The system verifies that num_active_levels > min_levels to prevent thrashing (repeatedly adding and removing levels). It updates the new largest level’s capacity using the formula new_capacity = old_capacity / level_size_ratio, frees the empty level structure, atomically decrements num_active_levels, and invokes tidesdb_apply_dca() to rebalance all level capacities based on the new level count and the actual size of the new largest level.
Initialization
Column families start with a minimum number of pre-allocated levels (configurable via min_levels, default 5). During recovery, if the manifest indicates SSTables exist at level N where N exceeds min_levels, the system initializes with N levels to accommodate the existing data. If SSTables exist only at levels below min_levels (for example, only Levels 1 through 3), the system still initializes with min_levels (5), leaving upper levels (4 and 5) empty. This floor prevents small databases from thrashing between 2 and 3 levels and guarantees predictable read performance by maintaining a minimum tree depth. After initialization, tidesdb_apply_dca() is invoked to set appropriate capacities for all levels based on the actual data found during recovery.
The Merge Process
All three merge policies share a common merge execution path with slight variations.
The system first opens all source SSTables, including the klog and vlog files for all SSTables involved in the merge from both the source and target levels. For each SSTable, it creates a merge source structure containing the source type, the current key-value pair being considered, and a cursor for iterating through the source.
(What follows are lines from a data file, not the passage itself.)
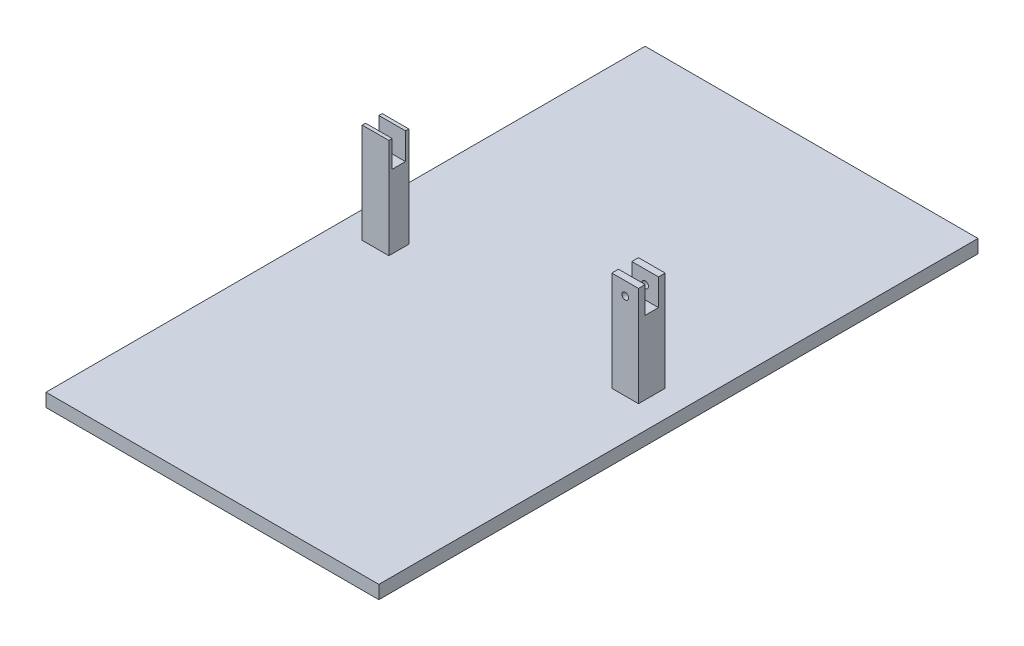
ISO-10303-21;
HEADER;
FILE_DESCRIPTION(('STEP AP214'),'2;1');
FILE_NAME('part.step','',(''),(''),'','','');
FILE_SCHEMA(('AUTOMOTIVE_DESIGN { 1 0 10303 214 1 1 1 1 }'));
ENDSEC;
DATA;
#1=APPLICATION_CONTEXT('core data for automotive mechanical design processes');
#2=APPLICATION_PROTOCOL_DEFINITION('international standard','automotive_design',2000,#1);
#3=PRODUCT_CONTEXT('',#1,'mechanical');
#4=PRODUCT('Part','Part','',(#3));
#5=PRODUCT_RELATED_PRODUCT_CATEGORY('part','',(#4));
#6=PRODUCT_DEFINITION_FORMATION('','',#4);
#7=PRODUCT_DEFINITION_CONTEXT('part definition',#1,'design');
#8=PRODUCT_DEFINITION('design','',#6,#7);
#9=PRODUCT_DEFINITION_SHAPE('','',#8);
#10=(LENGTH_UNIT() NAMED_UNIT(*) SI_UNIT(.MILLI.,.METRE.));
#11=(NAMED_UNIT(*) PLANE_ANGLE_UNIT() SI_UNIT($,.RADIAN.));
#12=(NAMED_UNIT(*) SI_UNIT($,.STERADIAN.) SOLID_ANGLE_UNIT());
#13=UNCERTAINTY_MEASURE_WITH_UNIT(LENGTH_MEASURE(1.E-05),#10,'distance_accuracy_value','');
#14=(GEOMETRIC_REPRESENTATION_CONTEXT(3) GLOBAL_UNCERTAINTY_ASSIGNED_CONTEXT((#13)) GLOBAL_UNIT_ASSIGNED_CONTEXT((#10,
#11,#12)) REPRESENTATION_CONTEXT('',''));
#15=CARTESIAN_POINT('',(0.,0.,0.));
#16=DIRECTION('',(0.,0.,1.));
#17=DIRECTION('',(1.,0.,0.));
#18=AXIS2_PLACEMENT_3D('',#15,#16,#17);
#19=CARTESIAN_POINT('',(17.,17.,2.));
#20=DIRECTION('',(0.,1.,0.));
#21=DIRECTION('',(0.,0.,1.));
#22=AXIS2_PLACEMENT_3D('',#19,#20,#21);
#23=PLANE('',#22);
#24=DIRECTION('',(1.,0.,0.));
#25=VECTOR('',#24,1.);
#26=CARTESIAN_POINT('',(-25.,17.,1.));
#27=LINE('',#26,#25);
#28=CARTESIAN_POINT('',(17.,17.,1.));
#29=VERTEX_POINT('',#28);
#30=CARTESIAN_POINT('',(21.,17.,1.));
#31=VERTEX_POINT('',#30);
#32=EDGE_CURVE('E187',#29,#31,#27,.T.);
#33=ORIENTED_EDGE('',*,*,#32,.F.);
#34=DIRECTION('',(0.,0.,1.));
#35=VECTOR('',#34,1.);
#36=CARTESIAN_POINT('',(17.,17.,-2.));
#37=LINE('',#36,#35);
#38=CARTESIAN_POINT('',(17.,17.,2.));
#39=VERTEX_POINT('',#38);
#40=EDGE_CURVE('E261',#29,#39,#37,.T.);
#41=ORIENTED_EDGE('',*,*,#40,.T.);
#42=DIRECTION('',(1.,0.,0.));
#43=VECTOR('',#42,1.);
#44=CARTESIAN_POINT('',(17.,17.,2.));
#45=LINE('',#44,#43);
#46=CARTESIAN_POINT('',(21.,17.,2.));
#47=VERTEX_POINT('',#46);
#48=EDGE_CURVE('E260',#39,#47,#45,.T.);
#49=ORIENTED_EDGE('',*,*,#48,.T.);
#50=DIRECTION('',(0.,0.,-1.));
#51=VECTOR('',#50,1.);
#52=CARTESIAN_POINT('',(21.,17.,-2.));
#53=LINE('',#52,#51);
#54=EDGE_CURVE('E264',#47,#31,#53,.T.);
#55=ORIENTED_EDGE('',*,*,#54,.T.);
#56=EDGE_LOOP('',(#33,#41,#49,#55));
#57=FACE_BOUND('',#56,.T.);
#58=ADVANCED_FACE('F32',(#57),#23,.T.);
#59=CARTESIAN_POINT('',(-21.,17.,1.5));
#60=DIRECTION('',(0.,1.,0.));
#61=DIRECTION('',(0.,0.,1.));
#62=AXIS2_PLACEMENT_3D('',#59,#60,#61);
#63=PLANE('',#62);
#64=DIRECTION('',(1.,0.,0.));
#65=VECTOR('',#64,1.);
#66=CARTESIAN_POINT('',(-21.,17.,1.));
#67=LINE('',#66,#65);
#68=CARTESIAN_POINT('',(-21.,17.,1.));
#69=VERTEX_POINT('',#68);
#70=CARTESIAN_POINT('',(-17.,17.,1.));
#71=VERTEX_POINT('',#70);
#72=EDGE_CURVE('E41',#69,#71,#67,.T.);
#73=ORIENTED_EDGE('',*,*,#72,.F.);
#74=DIRECTION('',(0.,0.,1.));
#75=VECTOR('',#74,1.);
#76=CARTESIAN_POINT('',(-21.,17.,-1.5));
#77=LINE('',#76,#75);
#78=CARTESIAN_POINT('',(-21.,17.,1.5));
#79=VERTEX_POINT('',#78);
#80=EDGE_CURVE('E229',#69,#79,#77,.T.);
#81=ORIENTED_EDGE('',*,*,#80,.T.);
#82=DIRECTION('',(1.,0.,0.));
#83=VECTOR('',#82,1.);
#84=CARTESIAN_POINT('',(-21.,17.,1.5));
#85=LINE('',#84,#83);
#86=CARTESIAN_POINT('',(-17.,17.,1.5));
#87=VERTEX_POINT('',#86);
#88=EDGE_CURVE('E228',#79,#87,#85,.T.);
#89=ORIENTED_EDGE('',*,*,#88,.T.);
#90=DIRECTION('',(0.,0.,-1.));
#91=VECTOR('',#90,1.);
#92=CARTESIAN_POINT('',(-17.,17.,-1.5));
#93=LINE('',#92,#91);
#94=EDGE_CURVE('E232',#87,#71,#93,.T.);
#95=ORIENTED_EDGE('',*,*,#94,.T.);
#96=EDGE_LOOP('',(#73,#81,#89,#95));
#97=FACE_BOUND('',#96,.T.);
#98=ADVANCED_FACE('F329',(#97),#63,.T.);
#99=CARTESIAN_POINT('',(-25.,2.,45.));
#100=DIRECTION('',(0.,1.,0.));
#101=DIRECTION('',(0.,0.,1.));
#102=AXIS2_PLACEMENT_3D('',#99,#100,#101);
#103=PLANE('',#102);
#104=DIRECTION('',(1.,0.,0.));
#105=VECTOR('',#104,1.);
#106=CARTESIAN_POINT('',(17.,2.,2.));
#107=LINE('',#106,#105);
#108=CARTESIAN_POINT('',(17.,2.,2.));
#109=VERTEX_POINT('',#108);
#110=CARTESIAN_POINT('',(21.,2.,2.));
#111=VERTEX_POINT('',#110);
#112=EDGE_CURVE('E271',#109,#111,#107,.T.);
#113=ORIENTED_EDGE('',*,*,#112,.F.);
#114=DIRECTION('',(0.,0.,1.));
#115=VECTOR('',#114,1.);
#116=CARTESIAN_POINT('',(17.,2.,-2.));
#117=LINE('',#116,#115);
#118=CARTESIAN_POINT('',(17.,2.,-2.));
#119=VERTEX_POINT('',#118);
#120=EDGE_CURVE('E256',#119,#109,#117,.T.);
#121=ORIENTED_EDGE('',*,*,#120,.F.);
#122=DIRECTION('',(-1.,0.,0.));
#123=VECTOR('',#122,1.);
#124=CARTESIAN_POINT('',(17.,2.,-2.));
#125=LINE('',#124,#123);
#126=CARTESIAN_POINT('',(21.,2.,-2.));
#127=VERTEX_POINT('',#126);
#128=EDGE_CURVE('E276',#127,#119,#125,.T.);
#129=ORIENTED_EDGE('',*,*,#128,.F.);
#130=DIRECTION('',(0.,0.,-1.));
#131=VECTOR('',#130,1.);
#132=CARTESIAN_POINT('',(21.,2.,-2.));
#133=LINE('',#132,#131);
#134=EDGE_CURVE('E273',#111,#127,#133,.T.);
#135=ORIENTED_EDGE('',*,*,#134,.F.);
#136=EDGE_LOOP('',(#113,#121,#129,#135));
#137=FACE_BOUND('',#136,.T.);
#138=DIRECTION('',(0.,0.,1.));
#139=VECTOR('',#138,1.);
#140=CARTESIAN_POINT('',(-25.,2.,-45.));
#141=LINE('',#140,#139);
#142=CARTESIAN_POINT('',(-25.,2.,-45.));
#143=VERTEX_POINT('',#142);
#144=CARTESIAN_POINT('',(-25.,2.,45.));
#145=VERTEX_POINT('',#144);
#146=EDGE_CURVE('E288',#143,#145,#141,.T.);
#147=ORIENTED_EDGE('',*,*,#146,.T.);
#148=DIRECTION('',(1.,0.,0.));
#149=VECTOR('',#148,1.);
#150=CARTESIAN_POINT('',(-25.,2.,45.));
#151=LINE('',#150,#149);
#152=CARTESIAN_POINT('',(25.,2.,45.));
#153=VERTEX_POINT('',#152);
#154=EDGE_CURVE('E291',#145,#153,#151,.T.);
#155=ORIENTED_EDGE('',*,*,#154,.T.);
#156=DIRECTION('',(0.,0.,-1.));
#157=VECTOR('',#156,1.);
#158=CARTESIAN_POINT('',(25.,2.,-45.));
#159=LINE('',#158,#157);
#160=CARTESIAN_POINT('',(25.,2.,-45.));
#161=VERTEX_POINT('',#160);
#162=EDGE_CURVE('E294',#153,#161,#159,.T.);
#163=ORIENTED_EDGE('',*,*,#162,.T.);
#164=DIRECTION('',(-1.,0.,0.));
#165=VECTOR('',#164,1.);
#166=CARTESIAN_POINT('',(-25.,2.,-45.));
#167=LINE('',#166,#165);
#168=EDGE_CURVE('E296',#161,#143,#167,.T.);
#169=ORIENTED_EDGE('',*,*,#168,.T.);
#170=EDGE_LOOP('',(#147,#155,#163,#169));
#171=FACE_BOUND('',#170,.T.);
#172=DIRECTION('',(1.,0.,0.));
#173=VECTOR('',#172,1.);
#174=CARTESIAN_POINT('',(-21.,2.,1.5));
#175=LINE('',#174,#173);
#176=CARTESIAN_POINT('',(-21.,2.,1.5));
#177=VERTEX_POINT('',#176);
#178=CARTESIAN_POINT('',(-17.,2.,1.5));
#179=VERTEX_POINT('',#178);
#180=EDGE_CURVE('E240',#177,#179,#175,.T.);
#181=ORIENTED_EDGE('',*,*,#180,.F.);
#182=DIRECTION('',(0.,0.,1.));
#183=VECTOR('',#182,1.);
#184=CARTESIAN_POINT('',(-21.,2.,-1.5));
#185=LINE('',#184,#183);
#186=CARTESIAN_POINT('',(-21.,2.,-1.5));
#187=VERTEX_POINT('',#186);
#188=EDGE_CURVE('E224',#187,#177,#185,.T.);
#189=ORIENTED_EDGE('',*,*,#188,.F.);
#190=DIRECTION('',(-1.,0.,0.));
#191=VECTOR('',#190,1.);
#192=CARTESIAN_POINT('',(-21.,2.,-1.5));
#193=LINE('',#192,#191);
#194=CARTESIAN_POINT('',(-17.,2.,-1.5));
#195=VERTEX_POINT('',#194);
#196=EDGE_CURVE('E245',#195,#187,#193,.T.);
#197=ORIENTED_EDGE('',*,*,#196,.F.);
#198=DIRECTION('',(0.,0.,-1.));
#199=VECTOR('',#198,1.);
#200=CARTESIAN_POINT('',(-17.,2.,-1.5));
#201=LINE('',#200,#199);
#202=EDGE_CURVE('E242',#179,#195,#201,.T.);
#203=ORIENTED_EDGE('',*,*,#202,.F.);
#204=EDGE_LOOP('',(#181,#189,#197,#203));
#205=FACE_BOUND('',#204,.T.);
#206=ADVANCED_FACE('F340',(#137,#171,#205),#103,.T.);
#207=CARTESIAN_POINT('',(-25.,2.,-45.));
#208=DIRECTION('',(1.,0.,0.));
#209=DIRECTION('',(0.,0.,-1.));
#210=AXIS2_PLACEMENT_3D('',#207,#208,#209);
#211=PLANE('',#210);
#212=DIRECTION('',(0.,0.,1.));
#213=VECTOR('',#212,1.);
#214=CARTESIAN_POINT('',(-25.,0.,-45.));
#215=LINE('',#214,#213);
#216=CARTESIAN_POINT('',(-25.,0.,-45.));
#217=VERTEX_POINT('',#216);
#218=CARTESIAN_POINT('',(-25.,0.,45.));
#219=VERTEX_POINT('',#218);
#220=EDGE_CURVE('E287',#217,#219,#215,.T.);
#221=ORIENTED_EDGE('',*,*,#220,.T.);
#222=DIRECTION('',(0.,-1.,0.));
#223=VECTOR('',#222,1.);
#224=CARTESIAN_POINT('',(-25.,2.,45.));
#225=LINE('',#224,#223);
#226=EDGE_CURVE('E314',#145,#219,#225,.T.);
#227=ORIENTED_EDGE('',*,*,#226,.F.);
#228=ORIENTED_EDGE('',*,*,#146,.F.);
#229=DIRECTION('',(0.,-1.,0.));
#230=VECTOR('',#229,1.);
#231=CARTESIAN_POINT('',(-25.,2.,-45.));
#232=LINE('',#231,#230);
#233=EDGE_CURVE('E298',#143,#217,#232,.T.);
#234=ORIENTED_EDGE('',*,*,#233,.T.);
#235=EDGE_LOOP('',(#221,#227,#228,#234));
#236=FACE_BOUND('',#235,.T.);
#237=ADVANCED_FACE('F34',(#236),#211,.F.);
#238=CARTESIAN_POINT('',(-25.,2.,45.));
#239=DIRECTION('',(0.,0.,-1.));
#240=DIRECTION('',(-1.,0.,0.));
#241=AXIS2_PLACEMENT_3D('',#238,#239,#240);
#242=PLANE('',#241);
#243=DIRECTION('',(1.,0.,0.));
#244=VECTOR('',#243,1.);
#245=CARTESIAN_POINT('',(-25.,0.,45.));
#246=LINE('',#245,#244);
#247=CARTESIAN_POINT('',(25.,0.,45.));
#248=VERTEX_POINT('',#247);
#249=EDGE_CURVE('E301',#219,#248,#246,.T.);
#250=ORIENTED_EDGE('',*,*,#249,.T.);
#251=DIRECTION('',(0.,-1.,0.));
#252=VECTOR('',#251,1.);
#253=CARTESIAN_POINT('',(25.,2.,45.));
#254=LINE('',#253,#252);
#255=EDGE_CURVE('E311',#153,#248,#254,.T.);
#256=ORIENTED_EDGE('',*,*,#255,.F.);
#257=ORIENTED_EDGE('',*,*,#154,.F.);
#258=ORIENTED_EDGE('',*,*,#226,.T.);
#259=EDGE_LOOP('',(#250,#256,#257,#258));
#260=FACE_BOUND('',#259,.T.);
#261=ADVANCED_FACE('F547',(#260),#242,.F.);
#262=CARTESIAN_POINT('',(25.,2.,-45.));
#263=DIRECTION('',(-1.,0.,0.));
#264=DIRECTION('',(0.,0.,1.));
#265=AXIS2_PLACEMENT_3D('',#262,#263,#264);
#266=PLANE('',#265);
#267=DIRECTION('',(0.,0.,-1.));
#268=VECTOR('',#267,1.);
#269=CARTESIAN_POINT('',(25.,0.,-45.));
#270=LINE('',#269,#268);
#271=CARTESIAN_POINT('',(25.,0.,-45.));
#272=VERTEX_POINT('',#271);
#273=EDGE_CURVE('E303',#248,#272,#270,.T.);
#274=ORIENTED_EDGE('',*,*,#273,.T.);
#275=DIRECTION('',(0.,-1.,0.));
#276=VECTOR('',#275,1.);
#277=CARTESIAN_POINT('',(25.,2.,-45.));
#278=LINE('',#277,#276);
#279=EDGE_CURVE('E308',#161,#272,#278,.T.);
#280=ORIENTED_EDGE('',*,*,#279,.F.);
#281=ORIENTED_EDGE('',*,*,#162,.F.);
#282=ORIENTED_EDGE('',*,*,#255,.T.);
#283=EDGE_LOOP('',(#274,#280,#281,#282));
#284=FACE_BOUND('',#283,.T.);
#285=ADVANCED_FACE('F552',(#284),#266,.F.);
#286=CARTESIAN_POINT('',(-25.,2.,-45.));
#287=DIRECTION('',(0.,0.,1.));
#288=DIRECTION('',(1.,0.,0.));
#289=AXIS2_PLACEMENT_3D('',#286,#287,#288);
#290=PLANE('',#289);
#291=DIRECTION('',(-1.,0.,0.));
#292=VECTOR('',#291,1.);
#293=CARTESIAN_POINT('',(-25.,0.,-45.));
#294=LINE('',#293,#292);
#295=EDGE_CURVE('E292',#272,#217,#294,.T.);
#296=ORIENTED_EDGE('',*,*,#295,.T.);
#297=ORIENTED_EDGE('',*,*,#233,.F.);
#298=ORIENTED_EDGE('',*,*,#168,.F.);
#299=ORIENTED_EDGE('',*,*,#279,.T.);
#300=EDGE_LOOP('',(#296,#297,#298,#299));
#301=FACE_BOUND('',#300,.T.);
#302=ADVANCED_FACE('F555',(#301),#290,.F.);
#303=CARTESIAN_POINT('',(-25.,0.,45.));
#304=DIRECTION('',(0.,1.,0.));
#305=DIRECTION('',(0.,0.,1.));
#306=AXIS2_PLACEMENT_3D('',#303,#304,#305);
#307=PLANE('',#306);
#308=ORIENTED_EDGE('',*,*,#220,.F.);
#309=ORIENTED_EDGE('',*,*,#295,.F.);
#310=ORIENTED_EDGE('',*,*,#273,.F.);
#311=ORIENTED_EDGE('',*,*,#249,.F.);
#312=EDGE_LOOP('',(#308,#309,#310,#311));
#313=FACE_BOUND('',#312,.T.);
#314=ADVANCED_FACE('F454',(#313),#307,.F.);
#315=CARTESIAN_POINT('',(17.,17.,-2.));
#316=DIRECTION('',(1.,0.,0.));
#317=DIRECTION('',(0.,0.,-1.));
#318=AXIS2_PLACEMENT_3D('',#315,#316,#317);
#319=PLANE('',#318);
#320=ORIENTED_EDGE('',*,*,#40,.F.);
#321=DIRECTION('',(0.,-1.,0.));
#322=VECTOR('',#321,1.);
#323=CARTESIAN_POINT('',(17.,17.,1.));
#324=LINE('',#323,#322);
#325=CARTESIAN_POINT('',(17.,13.,1.));
#326=VERTEX_POINT('',#325);
#327=EDGE_CURVE('E218',#29,#326,#324,.T.);
#328=ORIENTED_EDGE('',*,*,#327,.T.);
#329=DIRECTION('',(0.,0.,-1.));
#330=VECTOR('',#329,1.);
#331=CARTESIAN_POINT('',(17.,13.,-2.));
#332=LINE('',#331,#330);
#333=CARTESIAN_POINT('',(17.,13.,-1.));
#334=VERTEX_POINT('',#333);
#335=EDGE_CURVE('E178',#326,#334,#332,.T.);
#336=ORIENTED_EDGE('',*,*,#335,.T.);
#337=DIRECTION('',(0.,1.,0.));
#338=VECTOR('',#337,1.);
#339=CARTESIAN_POINT('',(17.,17.,-1.));
#340=LINE('',#339,#338);
#341=CARTESIAN_POINT('',(17.,17.,-1.));
#342=VERTEX_POINT('',#341);
#343=EDGE_CURVE('E209',#334,#342,#340,.T.);
#344=ORIENTED_EDGE('',*,*,#343,.T.);
#345=CARTESIAN_POINT('',(17.,17.,-2.));
#346=VERTEX_POINT('',#345);
#347=EDGE_CURVE('E257',#346,#342,#37,.T.);
#348=ORIENTED_EDGE('',*,*,#347,.F.);
#349=DIRECTION('',(0.,-1.,0.));
#350=VECTOR('',#349,1.);
#351=CARTESIAN_POINT('',(17.,17.,-2.));
#352=LINE('',#351,#350);
#353=EDGE_CURVE('E268',#346,#119,#352,.T.);
#354=ORIENTED_EDGE('',*,*,#353,.T.);
#355=ORIENTED_EDGE('',*,*,#120,.T.);
#356=DIRECTION('',(0.,-1.,0.));
#357=VECTOR('',#356,1.);
#358=CARTESIAN_POINT('',(17.,17.,2.));
#359=LINE('',#358,#357);
#360=EDGE_CURVE('E285',#39,#109,#359,.T.);
#361=ORIENTED_EDGE('',*,*,#360,.F.);
#362=EDGE_LOOP('',(#320,#328,#336,#344,#348,#354,#355,#361));
#363=FACE_BOUND('',#362,.T.);
#364=ADVANCED_FACE('F392',(#363),#319,.F.);
#365=CARTESIAN_POINT('',(17.,17.,2.));
#366=DIRECTION('',(0.,0.,-1.));
#367=DIRECTION('',(-1.,0.,0.));
#368=AXIS2_PLACEMENT_3D('',#365,#366,#367);
#369=PLANE('',#368);
#370=CARTESIAN_POINT('',(19.,15.,2.));
#371=DIRECTION('',(0.,0.,1.));
#372=DIRECTION('',(1.,0.,0.));
#373=AXIS2_PLACEMENT_3D('',#370,#371,#372);
#374=CIRCLE('',#373,0.499999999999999);
#375=CARTESIAN_POINT('',(19.5,15.,2.));
#376=VERTEX_POINT('',#375);
#377=EDGE_CURVE('E519',#376,#376,#374,.T.);
#378=ORIENTED_EDGE('',*,*,#377,.F.);
#379=EDGE_LOOP('',(#378));
#380=FACE_BOUND('',#379,.T.);
#381=ORIENTED_EDGE('',*,*,#112,.T.);
#382=DIRECTION('',(0.,-1.,0.));
#383=VECTOR('',#382,1.);
#384=CARTESIAN_POINT('',(21.,17.,2.));
#385=LINE('',#384,#383);
#386=EDGE_CURVE('E282',#47,#111,#385,.T.);
#387=ORIENTED_EDGE('',*,*,#386,.F.);
#388=ORIENTED_EDGE('',*,*,#48,.F.);
#389=ORIENTED_EDGE('',*,*,#360,.T.);
#390=EDGE_LOOP('',(#381,#387,#388,#389));
#391=FACE_BOUND('',#390,.T.);
#392=ADVANCED_FACE('F453',(#380,#391),#369,.F.);
#393=CARTESIAN_POINT('',(21.,17.,-2.));
#394=DIRECTION('',(-1.,0.,0.));
#395=DIRECTION('',(0.,0.,1.));
#396=AXIS2_PLACEMENT_3D('',#393,#394,#395);
#397=PLANE('',#396);
#398=DIRECTION('',(0.,0.,-1.));
#399=VECTOR('',#398,1.);
#400=CARTESIAN_POINT('',(21.,13.,1.));
#401=LINE('',#400,#399);
#402=CARTESIAN_POINT('',(21.,13.,1.));
#403=VERTEX_POINT('',#402);
#404=CARTESIAN_POINT('',(21.,13.,-1.));
#405=VERTEX_POINT('',#404);
#406=EDGE_CURVE('E176',#403,#405,#401,.T.);
#407=ORIENTED_EDGE('',*,*,#406,.F.);
#408=DIRECTION('',(0.,-1.,0.));
#409=VECTOR('',#408,1.);
#410=CARTESIAN_POINT('',(21.,17.,1.));
#411=LINE('',#410,#409);
#412=EDGE_CURVE('E184',#31,#403,#411,.T.);
#413=ORIENTED_EDGE('',*,*,#412,.F.);
#414=ORIENTED_EDGE('',*,*,#54,.F.);
#415=ORIENTED_EDGE('',*,*,#386,.T.);
#416=ORIENTED_EDGE('',*,*,#134,.T.);
#417=DIRECTION('',(0.,-1.,0.));
#418=VECTOR('',#417,1.);
#419=CARTESIAN_POINT('',(21.,17.,-2.));
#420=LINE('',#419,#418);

Next, the system constructs a min-heap (tidesdb_merge_heap_t) with elements of type tidesdb_merge_source_t*. The heap orders sources by their current key using the column family’s configured comparator.
The iterative merge proceeds by repeatedly popping the minimum element from the heap (the source with the smallest current key), advancing that source’s cursor to the next entry, and sifting the source back down into the heap based on its new current key.
Filtering and deduplication happen during this process. Tombstone entries are discarded. Entries whose time-to-live has expired are discarded. When multiple sources contain the same key, only the version with the highest sequence number is kept. Older versions are discarded.
Surviving entries are written to new SSTables at the target level. Data is written in 64KB blocks. Values meeting or exceeding the configured threshold (512 bytes by default) are written to the value log, while the key log stores only the file offset. Smaller values are stored inline in the key log. Blocks are optionally compressed using the column family’s configured compression algorithm.
After all data is written, the system appends auxiliary structures to each key log: a block index for fast lookups, a bloom filter for negative lookups (if enabled), and a metadata block with SSTable statistics. The system fsyncs both the klog and vlog files to ensure durability.
The new SSTables are committed to the manifest file, which tracks which SSTables belong to which levels. This operation is atomic: the manifest is written to a temporary file, fsynced, and atomically renamed over the original. Finally, the old SSTables from the source and target levels are marked for deletion. The actual file deletion may be deferred by the reaper worker to avoid blocking the compaction worker.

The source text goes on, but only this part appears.